|
|
|
|
|
by blrs
5359 days ago
|
|
This seems like SIFT (http://en.wikipedia.org/wiki/Scale-invariant_feature_transfo...) in a nutshell. Here’s how image recognition works in a nutshell. It starts with identifying points of interest in an image — the points, lines, and patterns that provide sharp contrasts or really stick out from a bland, featureless background. It’s similar in some ways to how the human eye picks out edges and points by keying off the places where there’s sharp contrast. Then it looks at how these points are related to each other — the geometry of the whole set of points. You could picture it as looking like a constellation of stars, even though really it’s a more sophisticated mathematical model of these points of interest and how they relate. Now it compares that model to all the other models in a huge database. Those other models come from images it has already analyzed from around the web. It looks for a matching model, but it doesn’t have to be a perfect match. In fact, it’s important that it be a bit flexible, so it doesn’t matter if it’s turned around, or shrunken, or twisted a bit. The Taj Mahal still has the basic geometry of the Taj Mahal even if you photograph it from a little bit of a different angle or photograph it lower in the frame.
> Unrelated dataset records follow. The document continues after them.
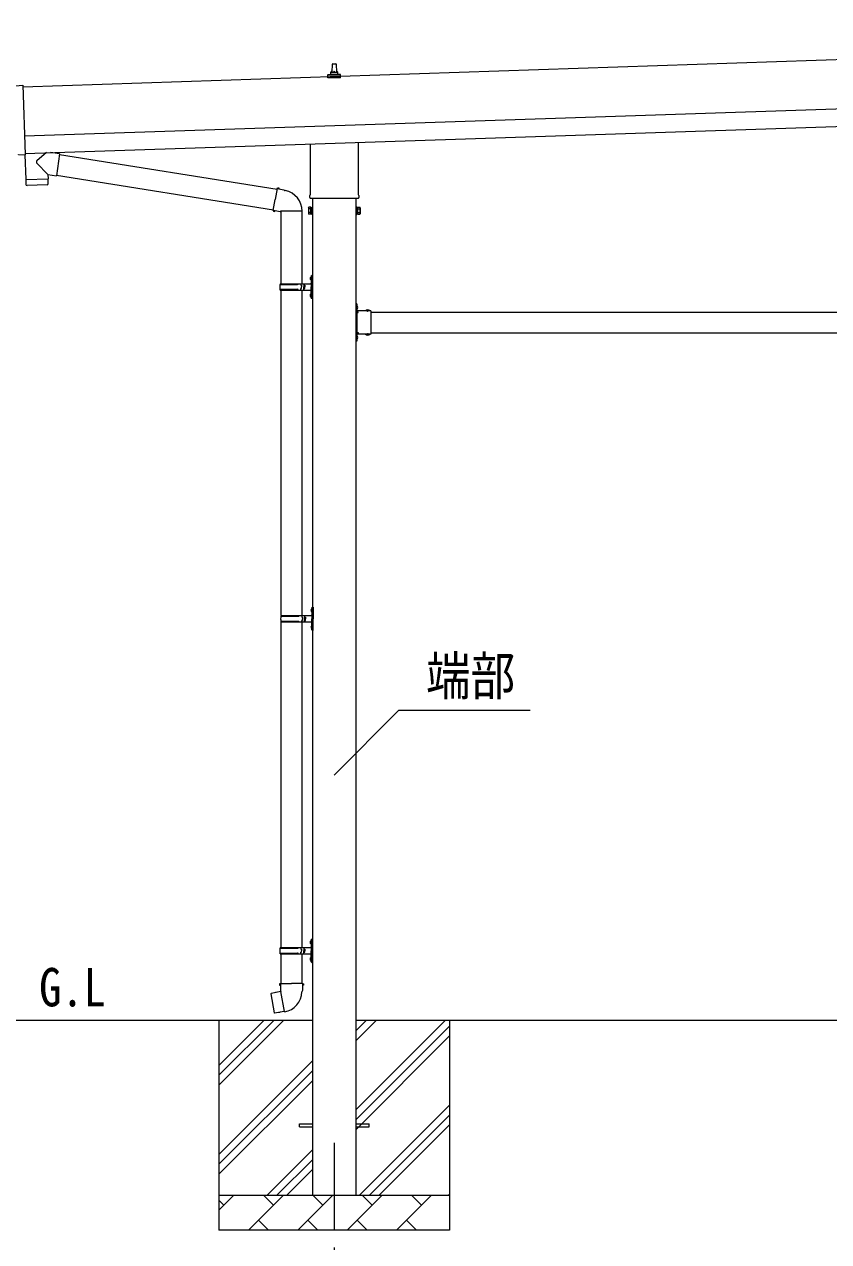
# Model space of a CAD drawing. Units: millimetres at full size, sheet at 1:50; details may follow other scales. Extents: x -14053 to 14053, y -9700 to 9700.
# Drawn here: x 2900 to 5202, y 4170 to 7655 of the extents above; entities that cross this region are included whole.
import ezdxf
from ezdxf.enums import TextEntityAlignment as Align

# ---------------------------------------------------------------- set-up
doc = ezdxf.new("R2010")
doc.units = ezdxf.units.MM
doc.header["$LTSCALE"] = 50
doc.linetypes.add('CHAIN1', pattern=[8, 5, -1, 1, -1])
doc.linetypes.add('USER7', pattern=[2, 1, -1])
for name, color, linetype, lineweight in [('0-2_建具', 4, 'Continuous', 9), ('0-3_階段', 7, 'CHAIN1', 9), ('0-4_設備', 7, 'Continuous', 9), ('0-7_ハッチ', 7, 'Continuous', 9), ('0-9_敷地', 7, 'Continuous', 9)]:
    doc.layers.add(name, color=color, linetype=linetype, lineweight=lineweight)
doc.styles.add('ＭＳ ゴシック', font='')
doc.styles.get('ＭＳ ゴシック').set_extended_font_data('MS Gothic')

msp = doc.modelspace()

# ---------------------------------------------------------------- linework, layer by layer
at = {"layer": '0-2_建具'}
for p, q in [((8278.27, 7654.56), (2895.26, 7475.12)), ((3780.91, 7517.41), (3781.63, 7540.93)), ((3782.63, 7541.91), (3791.18, 7541.91)), ((3792.18, 7540.93), (3792.91, 7517.41)), ((2899.93, 7335.2), (8282.94, 7514.64)), ((3768.66, 7501.91), (3768.66, 7509.62)), ((3805.16, 7501.91), (3768.66, 7501.91)), ((3769.04, 7510.41), (3804.77, 7510.41)), ((3769.42, 7510.59), (3776.14, 7512.22)), ((3776.52, 7512.41), (3797.29, 7512.41)), ((3776.91, 7513.19), (3776.91, 7517.41)), ((3777.91, 7517.41), (3795.91, 7517.41)), ((3796.91, 7513.19), (3796.91, 7517.41)), ((3804.39, 7510.59), (3797.67, 7512.22)), ((3805.16, 7501.91), (3805.16, 7509.62)), ((2901.59, 7285.23), (8284.6, 7464.66)), ((2901.68, 7282.46), (2901.72, 7281.46)), ((3718.61, 7167.92), (3718.61, 7312.36)), ((3855.21, 7316.92), (3855.21, 7167.92)), ((3716.91, 7159.14), (3716.91, 7164.64)), ((3854.84, 7155.64), (3718.97, 7155.64)), ((3724.41, 7155.64), (3724.41, 4303.14)), ((3849.41, 4303.14), (3849.41, 7155.64)), ((3856.91, 7164.64), (3856.91, 7159.14)), ((3712.91, 7129.64), (3713.67, 7130.96)), ((3712.91, 7129.64), (3712.91, 7112.64)), ((3712.91, 7112.64), (3713.67, 7111.33)), ((3719.91, 7126.05), (3713.67, 7126.05)), ((3719.91, 7116.24), (3713.67, 7116.24)), ((3719.91, 7111.33), (3713.67, 7111.33)), ((3722.41, 7111.94), (3719.91, 7111.94)), ((3851.41, 7111.94), (3853.91, 7111.94)), ((3853.91, 7126.05), (3860.15, 7126.05)), ((3853.91, 7116.24), (3860.15, 7116.24)), ((3853.91, 7111.33), (3860.15, 7111.33)), ((3860.91, 7129.64), (3860.15, 7130.96)), ((3860.91, 7112.64), (3860.15, 7111.33)), ((3860.91, 7129.64), (3860.91, 7112.64)), ((3851.41, 6854.14), (3849.41, 6854.14)), ((3849.41, 6854.14), (3849.41, 6834.14)), ((3849.41, 6847.14), (3851.41, 6847.14)), ((3849.41, 6841.14), (3851.41, 6841.14)), ((3851.41, 6854.14), (3851.41, 6834.14)), ((3851.92, 6850.04), (3851.41, 6850.04)), ((3851.41, 6850.04), (3851.41, 6838.24)), ((3891.41, 6834.14), (3851.41, 6834.14)), ((3851.41, 6830.14), (3851.41, 6772.14)), ((3888.31, 6834.14), (3876.51, 6834.14)), ((3888.31, 6834.65), (3888.31, 6834.14)), ((3891.41, 6834.14), (3891.41, 6768.14)), ((3891.41, 6831.14), (5482.41, 6831.14)), ((3849.41, 6768.14), (3849.41, 6748.14)), ((3849.41, 6761.14), (3851.41, 6761.14)), ((3855.41, 6771.14), (3849.91, 6771.14)), ((3851.41, 6770.14), (3855.41, 6770.14)), ((3851.41, 6768.14), (3851.41, 6748.14)), ((3891.41, 6768.14), (3851.41, 6768.14)), ((3851.92, 6764.04), (3851.41, 6764.04)), ((3851.41, 6764.04), (3851.41, 6752.24)), ((3888.31, 6768.14), (3876.51, 6768.14)), ((3888.31, 6767.64), (3888.31, 6768.14)), ((3891.41, 6771.14), (5482.41, 6771.14)), ((3849.41, 6755.14), (3851.41, 6755.14)), ((3851.41, 6748.14), (3849.41, 6748.14)), ((3686.91, 4507.64), (3724.41, 4507.64)), ((3686.91, 4498.64), (3686.91, 4507.64)), ((3686.91, 4498.64), (3724.41, 4498.64)), ((3849.41, 4507.64), (3886.91, 4507.64)), ((3849.41, 4498.64), (3886.91, 4498.64)), ((3886.91, 4498.64), (3886.91, 4507.64))]:
    msp.add_line(p, q, dxfattribs=at)
for points in [[(2863.59, 7477.51), (2895.09, 7480.21), (2901.68, 7282.46)], [(2882.83, 7281.11), (2883.47, 7281.76), (2901.72, 7281.46)], [(3719.91, 7111.33), (3719.91, 7130.96), (3713.67, 7130.96)], [(3719.91, 7111.94), (3719.91, 7130.34), (3722.41, 7130.34)], [(3853.91, 7111.94), (3853.91, 7130.34), (3851.41, 7130.34)], [(3853.91, 7111.33), (3853.91, 7130.96), (3860.15, 7130.96)], [(3855.41, 6831.14), (3849.91, 6831.14), (3849.91, 6771.14)], [(3851.92, 6850.04), (3851.92, 6838.24), (3851.41, 6838.24)], [(3851.41, 6830.14), (3855.41, 6830.14), (3855.41, 6832.14), (3851.41, 6832.14)], [(3888.31, 6834.65), (3876.51, 6834.65), (3876.51, 6834.14)], [(3851.41, 6772.14), (3855.41, 6772.14), (3855.41, 6770.14)], [(3851.92, 6764.04), (3851.92, 6752.24), (3851.41, 6752.24)], [(3888.31, 6767.64), (3876.51, 6767.64), (3876.51, 6768.14)]]:
    msp.add_lwpolyline(points, dxfattribs=at)
for points in [[(3722.41, 7110.64), (3722.41, 7131.64), (3724.41, 7131.64), (3724.41, 7110.64)], [(3851.41, 7110.64), (3851.41, 7131.64), (3849.41, 7131.64), (3849.41, 7110.64)]]:
    msp.add_lwpolyline(points, close=True, dxfattribs=at)
at = {"layer": '0-2_建具', "linetype": 'USER7'}
for points in [[(3854.02, 6846.64), (3851.24, 6845.29), (3850.63, 6844.14)], [(3854.02, 6841.64), (3851.24, 6843), (3850.63, 6844.14)], [(3879.91, 6836.76), (3881.26, 6833.98), (3882.41, 6833.37)], [(3884.91, 6836.76), (3883.55, 6833.98), (3882.41, 6833.37)], [(3854.02, 6760.64), (3851.24, 6759.29), (3850.63, 6758.14)], [(3879.91, 6765.53), (3881.26, 6768.31), (3882.41, 6768.92)], [(3884.91, 6765.53), (3883.55, 6768.31), (3882.41, 6768.92)], [(3854.02, 6755.64), (3851.24, 6757), (3850.63, 6758.14)]]:
    msp.add_lwpolyline(points, dxfattribs=at)
at = {"layer": '0-2_建具'}
for centre, radius, start, end in [((3782.63, 7540.91), 1, 90, 178.60509), ((3791.18, 7540.91), 1, 1.39491, 90), ((3769.66, 7509.62), 1, 103.62699, 180), ((3775.91, 7513.19), 1, 283.62699, 0), ((3780.99, 7516.77), 4.13, 90, 171.17633), ((3777.91, 7516.41), 1, 90, 180), ((3790.24, 7517.41), 4.83, 133.60282, 180), ((3783.57, 7517.41), 4.83, 0, 46.39718), ((3792.82, 7516.77), 4.13, 8.82367, 90), ((3795.91, 7516.41), 1, 0, 90), ((3797.91, 7513.19), 1, 180, 256.37301), ((3804.16, 7509.62), 1, 0, 76.37301), ((3720.91, 7164.64), 4, 125.09963, 180), ((3720.91, 7159.14), 4, 180, 194.47751), ((3720.91, 7159.14), 4, 194.47751, 241.04498), ((3852.91, 7159.14), 4, 298.95502, 345.52249), ((3852.91, 7164.64), 4, 0, 54.90037), ((3852.91, 7159.14), 4, 345.52249, 0), ((3717.25, 7128.51), 4.34, 145.61575, 214.38425), ((3729.15, 7121.14), 16.24, 162.41205, 197.58795), ((3717.25, 7113.78), 4.34, 145.61575, 214.38425), ((3856.56, 7128.51), 4.34, 325.61575, 34.38425), ((3844.67, 7121.14), 16.24, 342.41205, 17.58795), ((3856.56, 7113.78), 4.34, 325.61575, 34.38425), ((3851.41, 6834.14), 2, 180, 270), ((3846.17, 6844.14), 8.23, 314.2189, 45.7811), ((3882.41, 6828.91), 8.23, 44.2189, 135.7811), ((3851.41, 6768.14), 2, 90, 180), ((3846.17, 6758.14), 8.23, 314.2189, 45.7811), ((3882.41, 6773.38), 8.23, 224.2189, 315.7811)]:
    msp.add_arc(centre, radius, start, end, dxfattribs=at)
at = {"layer": '0-3_階段'}
msp.add_line((3786.91, 4453.14), (3786.91, 4104.14), dxfattribs=at)
at = {"layer": '0-4_設備'}
for p, q in [((3724.41, 4803.14), (2864.26, 4803.14)), ((3456.91, 4803.14), (3456.91, 4203.14)), ((3456.91, 4618.09), (3641.96, 4803.14)), ((3456.91, 4646.38), (3613.67, 4803.14)), ((3456.91, 4674.66), (3585.39, 4803.14)), ((5524.41, 4803.14), (3849.41, 4803.14)), ((3849.41, 4548.05), (4104.51, 4803.14)), ((3849.41, 4746.03), (3906.52, 4803.14)), ((3849.41, 4774.32), (3878.23, 4803.14)), ((3849.41, 4519.76), (4116.91, 4787.26)), ((4116.91, 4803.14), (4116.91, 4203.14)), ((3849.41, 4491.48), (4116.91, 4758.98)), ((3456.91, 4420.1), (3724.41, 4687.6)), ((3456.91, 4391.82), (3724.41, 4659.32)), ((3456.91, 4363.53), (3724.41, 4631.03)), ((3859.06, 4303.14), (4116.91, 4560.99)), ((3887.35, 4303.14), (4116.91, 4532.7)), ((3915.63, 4303.14), (4116.91, 4504.42)), ((3594.51, 4303.14), (3724.41, 4433.05)), ((3622.79, 4303.14), (3724.41, 4404.76)), ((3651.07, 4303.14), (3724.41, 4376.48)), ((3456.91, 4303.14), (4116.91, 4303.14)), ((3456.91, 4260.25), (3499.8, 4303.14)), ((3471.25, 4274.59), (3456.91, 4288.93)), ((3541.22, 4203.14), (3641.22, 4303.14)), ((3612.67, 4274.59), (3584.11, 4303.14)), ((3682.64, 4203.14), (3782.64, 4303.14)), ((3754.09, 4274.59), (3725.54, 4303.14)), ((3824.06, 4203.14), (3924.06, 4303.14)), ((3895.51, 4274.59), (3866.96, 4303.14)), ((3965.49, 4203.14), (4065.49, 4303.14)), ((4036.93, 4274.59), (4008.38, 4303.14)), ((4113.62, 4303.14), (4116.91, 4306.43)), ((3569.77, 4231.7), (3598.33, 4203.14)), ((3711.2, 4231.7), (3739.75, 4203.14)), ((3852.62, 4231.7), (3881.17, 4203.14)), ((3994.04, 4231.7), (4022.59, 4203.14)), ((4116.91, 4203.14), (3456.91, 4203.14))]:
    msp.add_line(p, q, dxfattribs=at)
at = {"layer": '0-7_ハッチ', "color": 6}
msp.add_lwpolyline([(4347.82, 5690.11), (3971.08, 5690.11), (3786.91, 5505.93)], dxfattribs=at)
at = {"layer": '0-9_敷地'}
for p, q in [((2963.01, 7287.28), (2935.79, 7264.24)), ((3000.7, 7283.99), (2974.79, 7287.67)), ((3000.7, 7283.99), (2991.74, 7220.92)), ((2967.25, 7224.4), (2935.76, 7256.91)), ((3000.44, 7282.15), (3623.04, 7183.02)), ((2967.25, 7224.4), (2991.74, 7220.92)), ((2967.25, 7224.4), (2967.65, 7212.39)), ((2992, 7222.75), (3612.62, 7123.94)), ((2903.72, 7209.26), (2904.39, 7196.22)), ((2965, 7195.29), (2907.48, 7193.38)), ((2908.19, 7210.41), (2908.24, 7209.41)), ((2963.16, 7212.24), (2963.17, 7211.24)), ((3623.36, 7184.85), (3617.83, 7153.48)), ((3623.36, 7184.85), (3624.5, 7186.83)), ((3624.5, 7186.83), (3628.06, 7186.2)), ((3628.06, 7186.2), (3628.48, 7183.85)), ((3642.99, 7181.03), (3644.68, 7179.4)), ((3644.68, 7179.4), (3646.79, 7178.95)), ((3612.3, 7122.11), (3617.83, 7153.48)), ((3612.3, 7122.11), (3612.69, 7119.86)), ((3612.3, 7122.11), (3617.45, 7121.3)), ((3612.69, 7119.86), (3616.26, 7119.23)), ((3616.26, 7119.23), (3617.45, 7121.3)), ((3617.45, 7121.3), (3632.05, 7118.98)), ((3632.05, 7118.98), (3634.26, 7119.97)), ((3694.56, 7119.57), (3633.37, 7119.57)), ((3634.41, 7119.57), (3634.41, 6912.14)), ((3694.41, 7119.57), (3694.41, 6912.14)), ((3720.41, 6935.14), (3723.41, 6936.64)), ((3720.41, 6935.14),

When Google recognizes that it matches that model best, it guesses it’s probably the Taj Mahal. |
|
They do use SIFT (or at least a variant thereof) for finding and describing interest points, but by itself, there is no geometric matching in SIFT. There are various competing approaches on how do it, although in many cases, you can get very good results even without it. (It's very slow to do geometric matching so people often skip that step, or only apply it to the best matches.)
Landmark detection is a recent "hot topic" in computer vision, and given a large enough dataset, it essentially works now for the most part.